→ **TASK BRIEF**:
Below are the records; copy each line in them that holds the word "identificeert".

→ **SUPPLIED INFORMATION**:

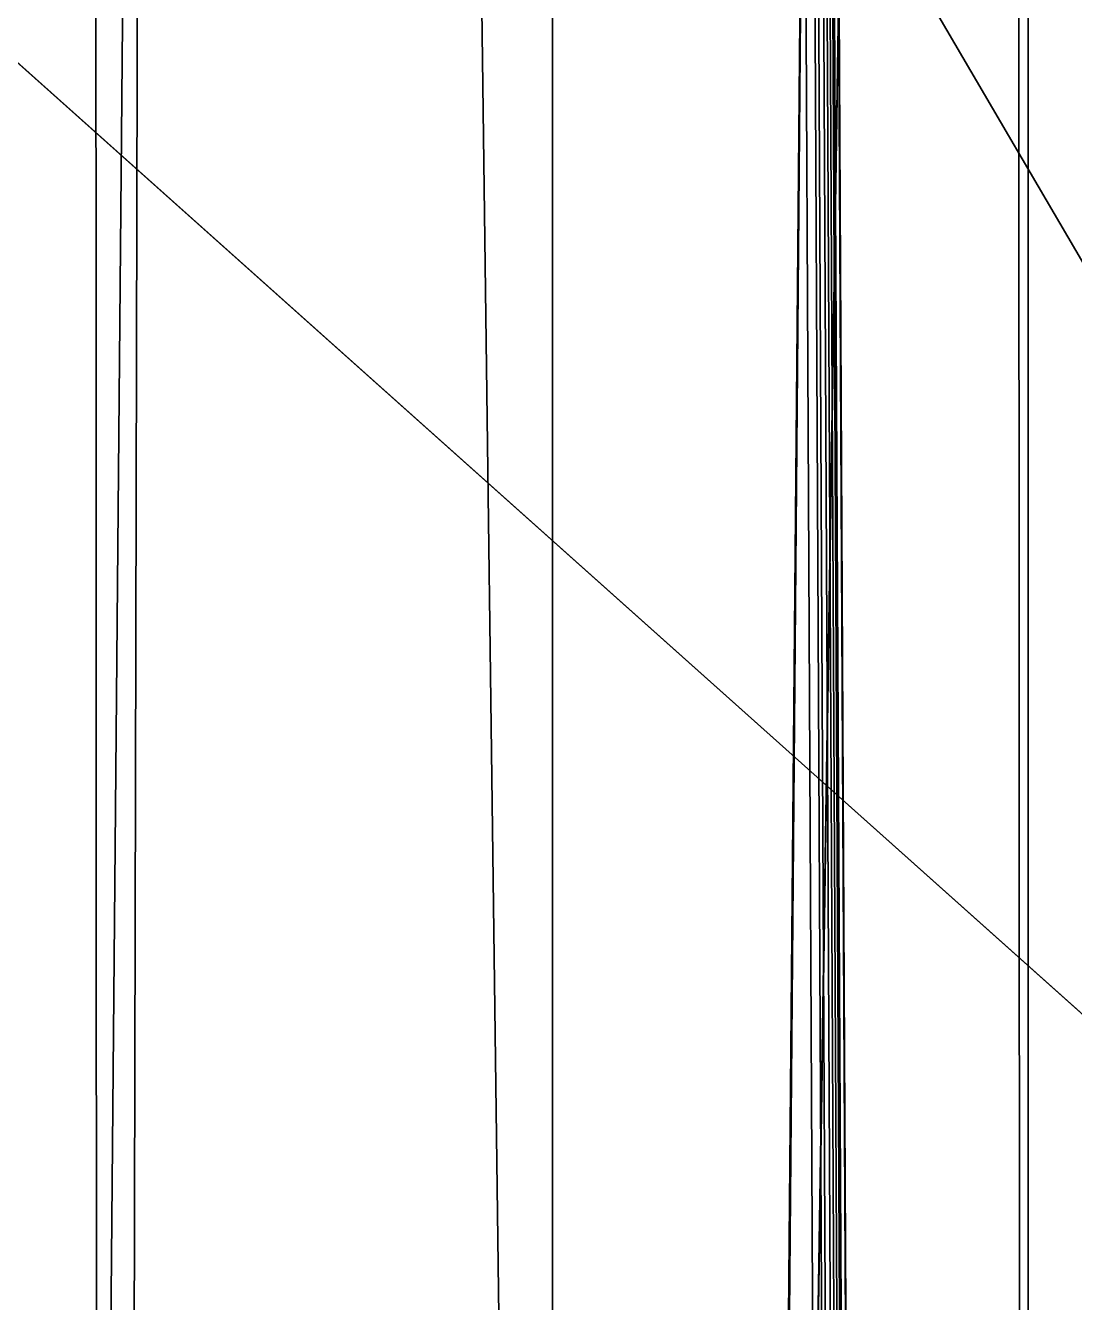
# Model space of a CAD drawing. Extents: x -11.8 to 11.8, y 0 to 23.8.
# Drawn here: x 7.148 to 9.103, y 13.236 to 15.615 of the extents above; entities that cross this region are included whole.
import ezdxf

# ---------------------------------------------------------------- set-up
doc = ezdxf.new("R2010")
doc.units = 0
doc.layers.add('SHP78CM5N_TRADECAD', color=251, linetype='CONTINUOUS')

msp = doc.modelspace()

# ---------------------------------------------------------------- linework, layer by layer
at = {"layer": 'SHP78CM5N_TRADECAD'}
for points in [[(9.5391, 4.3194, 33.0011), (9.0164, 4.4772, 33.0011), (9.0164, 21.874, 33.0011), (9.5391, 22.9691, 33.0011)], [(7.92, 21.664, 33.3153), (8.13, 21.874, 33.1998), (8.13, 5.5233, 33.2927)], [(9.0043, 5.5195, 33.0972), (8.13, 5.5233, 33.2927), (8.13, 21.874, 33.1998), (8.996, 21.874, 33.0972)], [(9.0164, 4.4772, 33.0011), (9.0043, 5.5195, 33.0972), (8.996, 21.874, 33.0972), (9.0164, 21.874, 33.0011)], [(7.08, 20.669, 33.3321), (7.92, 21.664, 33.3153), (8.13, 5.5233, 33.2927), (6.5364, 10.5575, 33.8521)], [(-0.9744, 21.5017, 0.042), (-11.8433, 14.8549, 0.0397), (10.8391, 12.2355, 0.0397), (0.464, 21.5017, 0.0422)], [(0.464, 21.5017, 0.0422), (10.8391, 12.2355, 0.0397), (5.4114, 21.5017, 0.0432)], [(10.8391, 12.2355, 0.0397), (10.3045, 21.1022, 0.0442), (9.2604, 21.1124, 0.044), (5.4114, 21.5017, 0.0432)], [(7.2331, 4.8892, 33.0118), (7.3661, 19.801, 33.2468), (5.8951, 19.848, 33.2889), (5.8381, 4.9939, 33.2889)], [(7.2776, 19.8016, 33.8848), (4.5608, 15.0906, 34.1891), (3.9701, 15.8029, 34.2253)], [(7.2776, 19.8016, 33.8848), (7.2804, 12.7393, 33.8818), (4.9553, 14.4106, 34.1615), (4.5608, 15.0906, 34.1891)], [(7.3661, 19.801, 33.2468), (7.2331, 4.8892, 33.0118), (7.331, 4.8893, 33.0009)], [(7.2804, 12.7393, 33.8818), (7.2776, 19.8016, 33.8848), (8.6272, 19.7516, 33.737), (8.5088, 5.7928, 33.7334)], [(8.627, 19.7511, 32.9493), (7.3661, 19.801, 33.2468), (7.331, 4.8893, 33.0009), (8.4975, 4.8901, 32.9434)], [(9.1491, 4.8909, 32.9415), (9.4453, 19.7516, 32.9434), (8.7267, 19.7511, 32.9434), (8.4975, 4.8901, 32.9434)], [(8.7267, 19.7511, 32.9434), (8.627, 19.7511, 32.9493), (8.4975, 4.8901, 32.9434)], [(8.7269, 19.7516, 33.7334), (9.2409, 19.7516, 33.7334), (9.1675, 5.7975, 33.7316), (8.5088, 5.7928, 33.7334)], [(8.5088, 5.7928, 33.7334), (8.6272, 19.7516, 33.737), (8.7269, 19.7516, 33.7334)], [(6.8456, 16.9516, 34.1801), (8.6178, 17.3422, 33.9487), (8.6453, 11.8844, 33.9544), (6.8876, 11.8844, 34.2259)], [(8.6214, 11.885, 33.7773), (8.6383, 11.885, 33.7782), (8.6111, 17.3437, 33.7714), (8.5945, 17.3401, 33.7701)], [(8.6383, 11.885, 33.7782), (8.6547, 11.885, 33.786), (8.6271, 17.3471, 33.7797), (8.6111, 17.3437, 33.7714)], [(8.6614, 11.8844, 33.9488), (8.6453, 11.8844, 33.9544), (8.6178, 17.3422, 33.9487), (8.6335, 17.3457, 33.9434)], [(8.6547, 11.885, 33.786), (8.6667, 11.8849, 33.7998), (8.6388, 17.3494, 33.7937), (8.6271, 17.3471, 33.7797)], [(8.6751, 11.8844, 33.9366), (8.6614, 11.8844, 33.9488), (8.6335, 17.3457, 33.9434), (8.6469, 17.3489, 33.9316)], [(8.6667, 11.8849, 33.7998), (8.672, 11.8848, 33.8158), (8.644, 17.3503, 33.8098), (8.6388, 17.3494, 33.7937)], [(8.6838, 11.8845, 33.903), (8.6556, 17.3513, 33.8984), (8.644, 17.3503, 33.8098), (8.672, 11.8848, 33.8158)], [(8.6829, 11.8845, 33.9199), (8.6751, 11.8844, 33.9366), (8.6469, 17.3489, 33.9316), (8.6547, 17.3508, 33.9152)], [(8.6838, 11.8845, 33.903), (8.6829, 11.8845, 33.9199), (8.6547, 17.3508, 33.9152), (8.6556, 17.3513, 33.8984)], [(8.5945, 17.3401, 33.7701), (6.8232, 16.9497, 33.9702), (6.8657, 11.8857, 34.0159), (8.6214, 11.885, 33.7773)], [(10.8391, 12.2355, 0.0397), (-11.8433, 14.8549, 0.0397), (-11.8433, 4.581, 0.0397), (10.8391, 4.581, 0.0397)], [(7.2804, 12.7393, 33.8818), (5.2593, 13.5644, 34.1377), (4.9553, 14.4106, 34.1615)], [(7.2804, 12.7393, 33.8818), (5.3953, 12.9617, 34.129), (5.2593, 13.5644, 34.1377)]]:
    msp.add_3dface(points, dxfattribs=at)

doc.saveas('drawing.dxf')
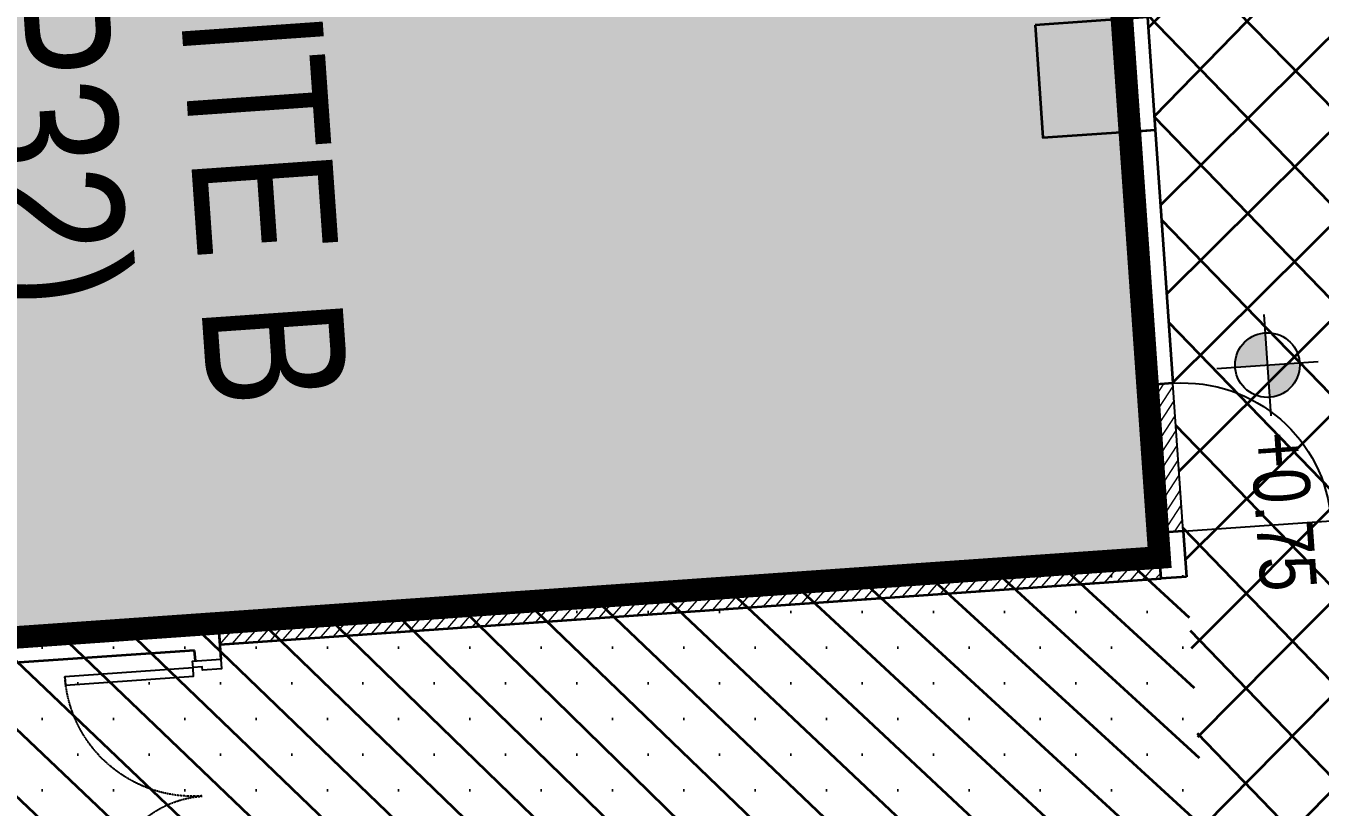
# Model space of a CAD drawing. Header units: millimetres. Extents: x 833941507 to 1669051331, y 817666127 to 1636299673.
# Drawn here: x 834599548 to 834608717, y 818042840 to 818048378 of the extents above; entities that cross this region are included whole.
import ezdxf

# ---------------------------------------------------------------- set-up
doc = ezdxf.new("R2010")
doc.units = ezdxf.units.MM
doc.header["$LTSCALE"] = 3
doc.linetypes.add('DASHED2', pattern=[0.375, 0.25, -0.125])
doc.linetypes.add('DIVIDE', pattern=[1.25, 0.5, -0.25, 0, -0.25, 0, -0.25])
for name, color, linetype in [('_DEVELOPMENT BOUNDARY', 96, 'DIVIDE'), ('_SUBLEASE LINE', 10, 'DIVIDE'), ('LB01__Road Marking$0$x_160725 LB01 interim layout$0$MVA813_KERB', 1, 'Continuous')]:
    doc.layers.add(name, color=color, linetype=linetype)
for name, color, linetype, lineweight in [('Hatch (CARR)', 252, 'Continuous', 35), ('Hatch (LTC&CB)', 252, 'Continuous', 35), ('HATCH-SUBLEASE', 241, 'Continuous', 5), ('UAJ-00ANNO', 7, 'Continuous', 5), ('UAJ-00ANNO-t', 7, 'Continuous', 5), ('UAJ-22INWA-bw', 3, 'Continuous', 35), ('UAJ-22INWA-h', 251, 'Continuous', 9), ('UAJ-22INWA-rc', 6, 'Continuous', 35), ('UAJ-23FLOR-h', 251, 'Continuous', 9), ('UAJ-28STRU', 6, 'Continuous', 35), ('UAJ-32INFR', 7, 'Continuous', 25), ('UAJ-32INFR-P32', 7, 'Continuous', 25)]:
    doc.layers.add(name, color=color, linetype=linetype, lineweight=lineweight)
doc.styles.add('3A35X-MAGP-P-B02-0$0$Kowloon_standard', font='arial.ttf', dxfattribs={"width": 0.8, "height": 2.5})
doc.styles.add('3A35X-MSFP-P-ISP2$0$STANDARD', font='arial.ttf', dxfattribs={"width": 0.8})

# ---------------------------------------------------------------- blocks, each defined once
blk = doc.blocks.new('LB01__Road Marking')
at = {"layer": 'LB01__Road Marking$0$x_160725 LB01 interim layout$0$MVA813_KERB', "flags": 128}
blk.add_lwpolyline([(834554838.4361799, 817955511.3338271), (834574986.2241066, 817957560.5136678, 0.3563744515932533), (834615371.7003447, 817996365.6766618, 0.04169303648494089), (834615631.260476, 818004019.2636256), (834613206.8980193, 818038698.7557492, 0.042087287536674), (834612600.1654978, 818043742.0608758, 0.1869385154229943), (834602671.9808671, 818058831.4647398, -0.0658783030555726), (834598355.6744728, 818062859.0198679, 0.1537534799220508), (834588286.534899, 818069416.5943232, 0.1537534799220508)], format="xyb", dxfattribs=at)
blk = doc.blocks.new('GBP-LTC-LB01')
at = {"layer": 'UAJ-22INWA-h', "ltscale": 10}
h = blk.add_hatch(dxfattribs=at)
h.set_pattern_fill('ANSI31', color=256, scale=20, angle=8, style=0)
h.set_pattern_definition([(56.99893451360125, (834532598.1193871, 817950622.8313509), (-53.25493791199942, 34.5855690713495), [])])
h.paths.add_polyline_path([(834607567.9407886, 818044784.0246162), (834607747.5061605, 818044796.5776129), (834607674.2784114, 818045844.0210221), (834607494.716643, 818045831.4682775)])
at = {"layer": 'UAJ-23FLOR-h'}
h = blk.add_hatch(dxfattribs=at)
h.set_pattern_fill('EARTH,_O', color=256, scale=180, angle=45.00000010501341)
h.set_pattern_definition([(45.00000010501341, (-1082349.699177861, 54794.90315568447), (-2.96267069188616e-06, 1616.446101792448), [1143, -1143]), (45.00000010501341, (-1082652.782822503, 55097.98679921505), (-2.96267069188616e-06, 1616.446101792448), [1143, -1143]), (45.00000010501341, (-1082955.866467144, 55401.07044274564), (-2.96267069188616e-06, 1616.446101792448), [1143, -1143]), (135.0000001050134, (-1082955.866467515, 55603.12620546969), (-1616.446101792448, -2.96267069188616e-06), [1143, -1143]), (135.0000001050134, (-1082652.782823984, 55906.20985011128), (-1616.446101792448, -2.96267069188616e-06), [1143, -1143]), (135.0000001050134, (-1082349.699180454, 56209.29349475286), (-1616.446101792448, -2.96267069188616e-06), [1143, -1143])])
h.paths.add_polyline_path([(834669469.2548146, 818015499.1701102), (834651080.8176275, 818014213.7929552), (834651091.333055, 818014066.030459), (834669479.7621983, 818015351.5226754)], flags=16)
edge = h.paths.add_edge_path()
edge.add_arc((834611763.613195, 818123015.0723449), 22001.28373588376, 94.00071865262937, 118.6886834190998)
edge.add_line((834601201.8916234, 818142315.5004095), (834593918.3367147, 818141228.3801512))
edge.add_arc((834611768.400262, 818123014.0298539), 25502.69251264854, 93.99715914630349, 134.4212748451599, ccw=False)
edge.add_line((834609990.6837641, 818148454.6872638), (834618164.3568528, 818149025.8389109))
edge.add_line((834618164.3568528, 818149025.8389109), (834618408.292444, 818145534.9100552))
edge.add_line((834618408.292444, 818145534.9100552), (834616365.4114578, 818145392.1596863))
edge.add_line((834616365.4114578, 818145392.1596863), (834616609.385029, 818141900.6873076))
edge.add_line((834616609.385029, 818141900.6873076), (834611621.5474902, 818141552.1522465))
edge.add_line((834611621.5474902, 818141552.1522465), (834611377.6128702, 818145043.0672039))
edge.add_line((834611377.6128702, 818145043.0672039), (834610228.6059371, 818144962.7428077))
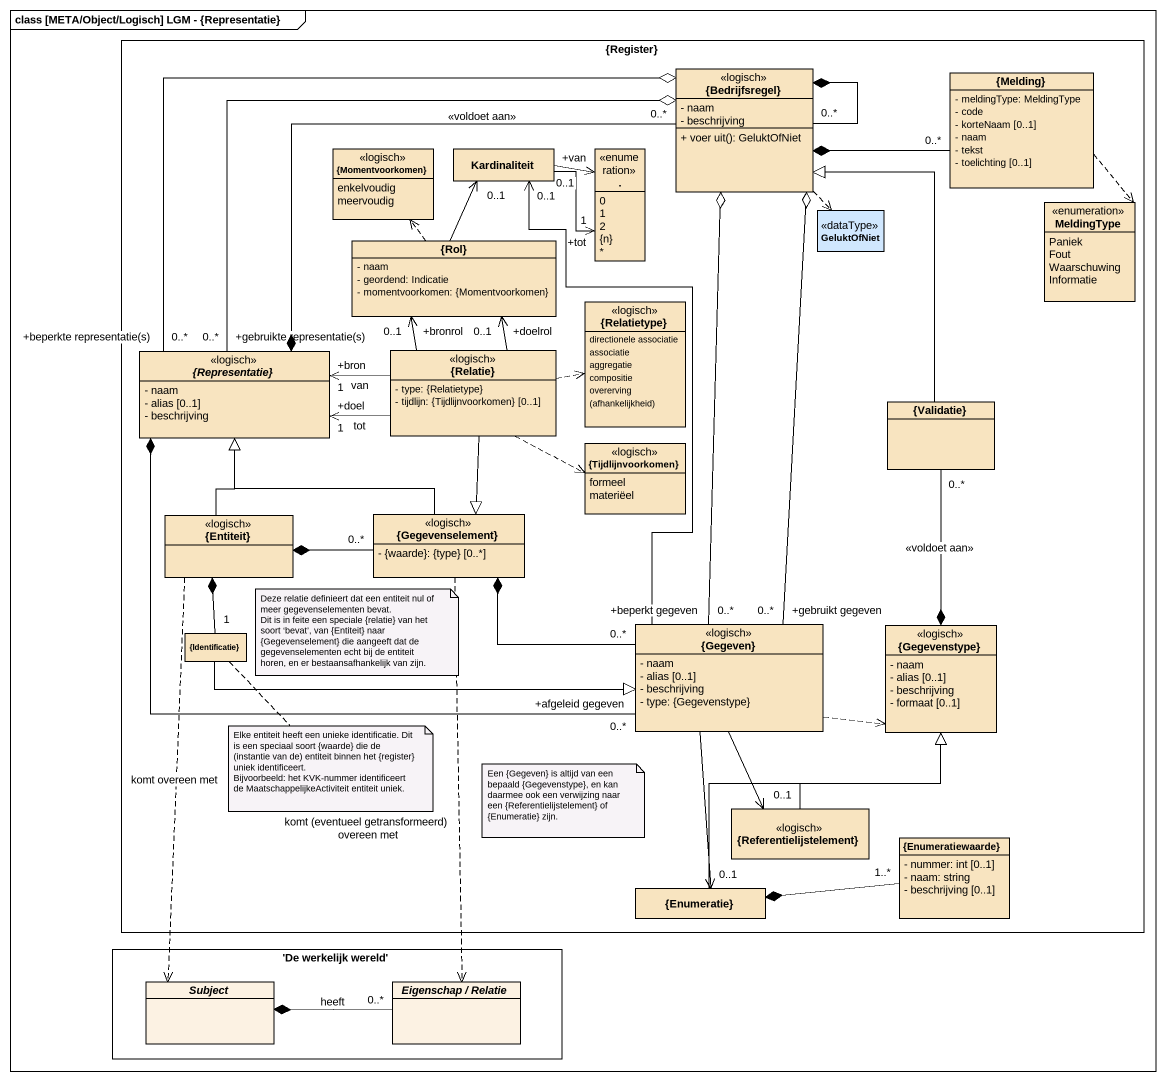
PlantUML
@startuml
mainframe class [META/Object/Logisch] LGM - {Representatie}
hide circle
hide empty members
skinparam classAttributeIconSize 0
rectangle "{Register}" as Register {
  class "{Bedrijfsregel}" as Bedrijfsregel <<logisch>> #F8E4C0 {
    - naam
    - beschrijving
    + voer uit(): GeluktOfNiet
  }
  class "{Melding}" as Melding #F8E4C0 {
    - meldingType: MeldingType
    - code
    - korteNaam [0..1]
    - naam
    - tekst
    - toelichting [0..1]
  }
  enum "{Momentvoorkomen}" as Momentvoorkomen <<logisch>> #F8E4C0 {
    enkelvoudig
    meervoudig
  }
  class Kardinaliteit #F8E4C0
  enum "." as enum1 #F8E4C0 {
    0
    1
    2
    {n}
    *
  }
  enum MeldingType #F8E4C0 {
    Paniek
    Fout
    Waarschuwing
    Informatie
  }
  class "{Rol}" as Rol #F8E4C0 {
    - naam
    - geordend: Indicatie
    - momentvoorkomen: {Momentvoorkomen}
  }
  class GeluktOfNiet <<dataType>> #D0E7FE
  enum "{Relatietype}" as Relatietype <<logisch>> #F8E4C0 {
    directionele associatie
    associatie
    aggregatie
    compositie
    overerving
    {field} (afhankelijkheid)
  }
  abstract class "{Representatie}" as Representatie <<logisch>> #F8E4C0 {
    - naam
    - alias [0..1]
    - beschrijving
  }
  class "{Relatie}" as Relatie <<logisch>> #F8E4C0 {
    - type: {Relatietype}
    - tijdlijn: {Tijdlijnvoorkomen} [0..1]
  }
  class "{Validatie}" as Validatie #F8E4C0
  enum "{Tijdlijnvoorkomen}" as Tijdlijnvoorkomen <<logisch>> #F8E4C0 {
    formeel
    materiëel
  }
  class "{Entiteit}" as Entiteit <<logisch>> #F8E4C0
  class "{Gegevenselement}" as Gegevenselement <<logisch>> #F8E4C0 {
    - {waarde}: {type} [0..*]
  }
  class "{Identificatie}" as Identificatie #F8E4C0
  class "{Gegeven}" as Gegeven <<logisch>> #F8E4C0 {
    - naam
    - alias [0..1]
    - beschrijving
    - type: {Gegevenstype}
  }
  class "{Gegevenstype}" as Gegevenstype <<logisch>> #F8E4C0 {
    - naam
    - alias [0..1]
    - beschrijving
    - formaat [0..1]
  }
  class "{Referentielijstelement}" as Referentielijstelement <<logisch>> #F8E4C0
  class "{Enumeratiewaarde}" as Enumeratiewaarde #F8E4C0 {
    - nummer: int [0..1]
    - naam: string
    - beschrijving [0..1]
  }
  class "{Enumeratie}" as Enumeratie #F8E4C0
}
rectangle "'De werkelijk wereld'" as De_werkelijk_wereld {
  abstract class Subject #FCF2E3
  abstract class "Eigenschap / Relatie" as Eigenschap_Relatie #FCF2E3
}
Bedrijfsregel "0..*" --* Bedrijfsregel
Bedrijfsregel ..> GeluktOfNiet
Bedrijfsregel "0..*" -left-* Representatie : <<voldoet aan>>
Melding "0..*" -left-* Bedrijfsregel
Melding ..> MeldingType
Kardinaliteit -right-> "+van\n0..1" enum1
Kardinaliteit -right-> "+tot\n1" enum1
Rol .up.> Momentvoorkomen
Rol -up-> "0..1" Kardinaliteit
Representatie "+gebruikte representatie(s)\n0..*" -right-o Bedrijfsregel
Representatie "+beperkte representatie(s)\n0..*" -right-o Bedrijfsregel
Relatie -up-> "+doelrol\n0..1" Rol
Relatie -up-> "+bronrol\n0..1" Rol
Relatie .right.> Relatietype
Relatie -left-> "+bron\n1" Representatie : van
Relatie -left-> "+doel\n1" Representatie : tot
Relatie .right.> Tijdlijnvoorkomen
Relatie --|> Gegevenselement
Validatie -up-|> Bedrijfsregel
Validatie "0..*" --* Gegevenstype : <<voldoet aan>>
Entiteit -up-|> Representatie
Entiteit ..> Subject : komt overeen met
Gegevenselement -up-|> Representatie
Gegevenselement "0..*" -left-* Entiteit
Gegevenselement ..> Eigenschap_Relatie : komt (eventueel getransformeerd) overeen met
Identificatie "1" -up-* Entiteit
Identificatie -right-|> Gegeven
Gegeven "+gebruikt gegeven\n0..*" -up-o Bedrijfsregel
Gegeven "+beperkt gegeven\n0..*" -up-o Bedrijfsregel
Gegeven -up-> "0..1" Kardinaliteit
Gegeven "+afgeleid gegeven\n0..*" -left-* Representatie
Gegeven "0..*" -left-* Gegevenselement
Gegeven .right.> Gegevenstype
Gegeven --> "0..1" Referentielijstelement
Gegeven --> "0..1" Enumeratie
Referentielijstelement -up-|> Gegevenstype
Enumeratiewaarde "1..*" -left-* Enumeratie
Enumeratie -up-|> Gegevenstype
Eigenschap_Relatie "0..*" -left-* Subject : heeft
note as N1
  Deze relatie definieert dat een entiteit nul of meer gegevenselementen bevat.
  Dit is in feite een speciale {relatie} van het soort ‘bevat’, van {Entiteit} naar {Gegevenselement} die aangeeft dat de gegevenselementen echt bij de entiteit horen, en er bestaansafhankelijk van zijn.
end note
note bottom of Identificatie
  Elke entiteit heeft een unieke identificatie. Dit is een speciaal soort {waarde} die de (instantie van de) entiteit binnen het {register} uniek identificeert.
  Bijvoorbeeld: het KVK-nummer identificeert de MaatschappelijkeActiviteit entiteit uniek.
end note
note as N3
  Een {Gegeven} is altijd van een bepaald {Gegevenstype}, en kan daarmee ook een verwijzing naar een {Referentielijstelement} of {Enumeratie} zijn.
end note
@enduml

→ **FINISHED EXERCISE**:
  Elke entiteit heeft een unieke identificatie. Dit is een speciaal soort {waarde} die de (instantie van de) entiteit binnen het {register} uniek identificeert.
  Bijvoorbeeld: het KVK-nummer identificeert de MaatschappelijkeActiviteit entiteit uniek.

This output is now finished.